» **How to complete this task**: Only the lines running from the line with "Add/1 -> Switch/2" to the end of the records below belong in the answer, each copied exactly.

» **Material supplied**:
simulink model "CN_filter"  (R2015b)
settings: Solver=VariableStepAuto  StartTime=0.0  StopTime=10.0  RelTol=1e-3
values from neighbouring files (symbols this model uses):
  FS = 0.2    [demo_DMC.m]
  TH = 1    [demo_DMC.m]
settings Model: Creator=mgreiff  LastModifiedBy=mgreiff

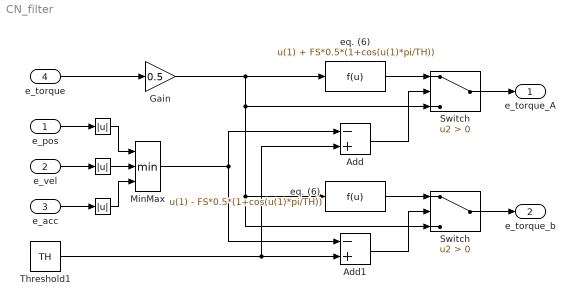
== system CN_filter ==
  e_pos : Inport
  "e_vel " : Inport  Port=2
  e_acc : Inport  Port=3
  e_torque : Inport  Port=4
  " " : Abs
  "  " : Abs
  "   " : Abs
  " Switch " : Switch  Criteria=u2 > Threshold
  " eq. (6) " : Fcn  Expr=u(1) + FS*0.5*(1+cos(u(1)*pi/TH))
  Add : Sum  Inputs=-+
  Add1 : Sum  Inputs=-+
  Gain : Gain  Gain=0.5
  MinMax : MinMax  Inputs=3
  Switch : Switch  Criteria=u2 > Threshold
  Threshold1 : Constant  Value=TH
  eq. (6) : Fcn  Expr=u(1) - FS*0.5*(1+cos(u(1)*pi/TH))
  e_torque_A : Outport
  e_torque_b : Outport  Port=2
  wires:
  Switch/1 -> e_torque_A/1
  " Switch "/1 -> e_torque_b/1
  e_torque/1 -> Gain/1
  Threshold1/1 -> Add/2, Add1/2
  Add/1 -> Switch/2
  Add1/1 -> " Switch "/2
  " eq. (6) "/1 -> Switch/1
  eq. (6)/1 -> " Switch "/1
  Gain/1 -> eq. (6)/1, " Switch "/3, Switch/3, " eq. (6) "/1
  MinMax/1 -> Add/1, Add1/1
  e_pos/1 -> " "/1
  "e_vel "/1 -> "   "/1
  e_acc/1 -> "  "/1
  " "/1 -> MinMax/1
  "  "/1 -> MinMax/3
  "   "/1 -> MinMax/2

» **Output for this exercise**:
  Add/1 -> Switch/2
  Add1/1 -> " Switch "/2
  " eq. (6) "/1 -> Switch/1
  eq. (6)/1 -> " Switch "/1
  Gain/1 -> eq. (6)/1, " Switch "/3, Switch/3, " eq. (6) "/1
  MinMax/1 -> Add/1, Add1/1
  e_pos/1 -> " "/1
  "e_vel "/1 -> "   "/1
  e_acc/1 -> "  "/1
  " "/1 -> MinMax/1
  "  "/1 -> MinMax/3
  "   "/1 -> MinMax/2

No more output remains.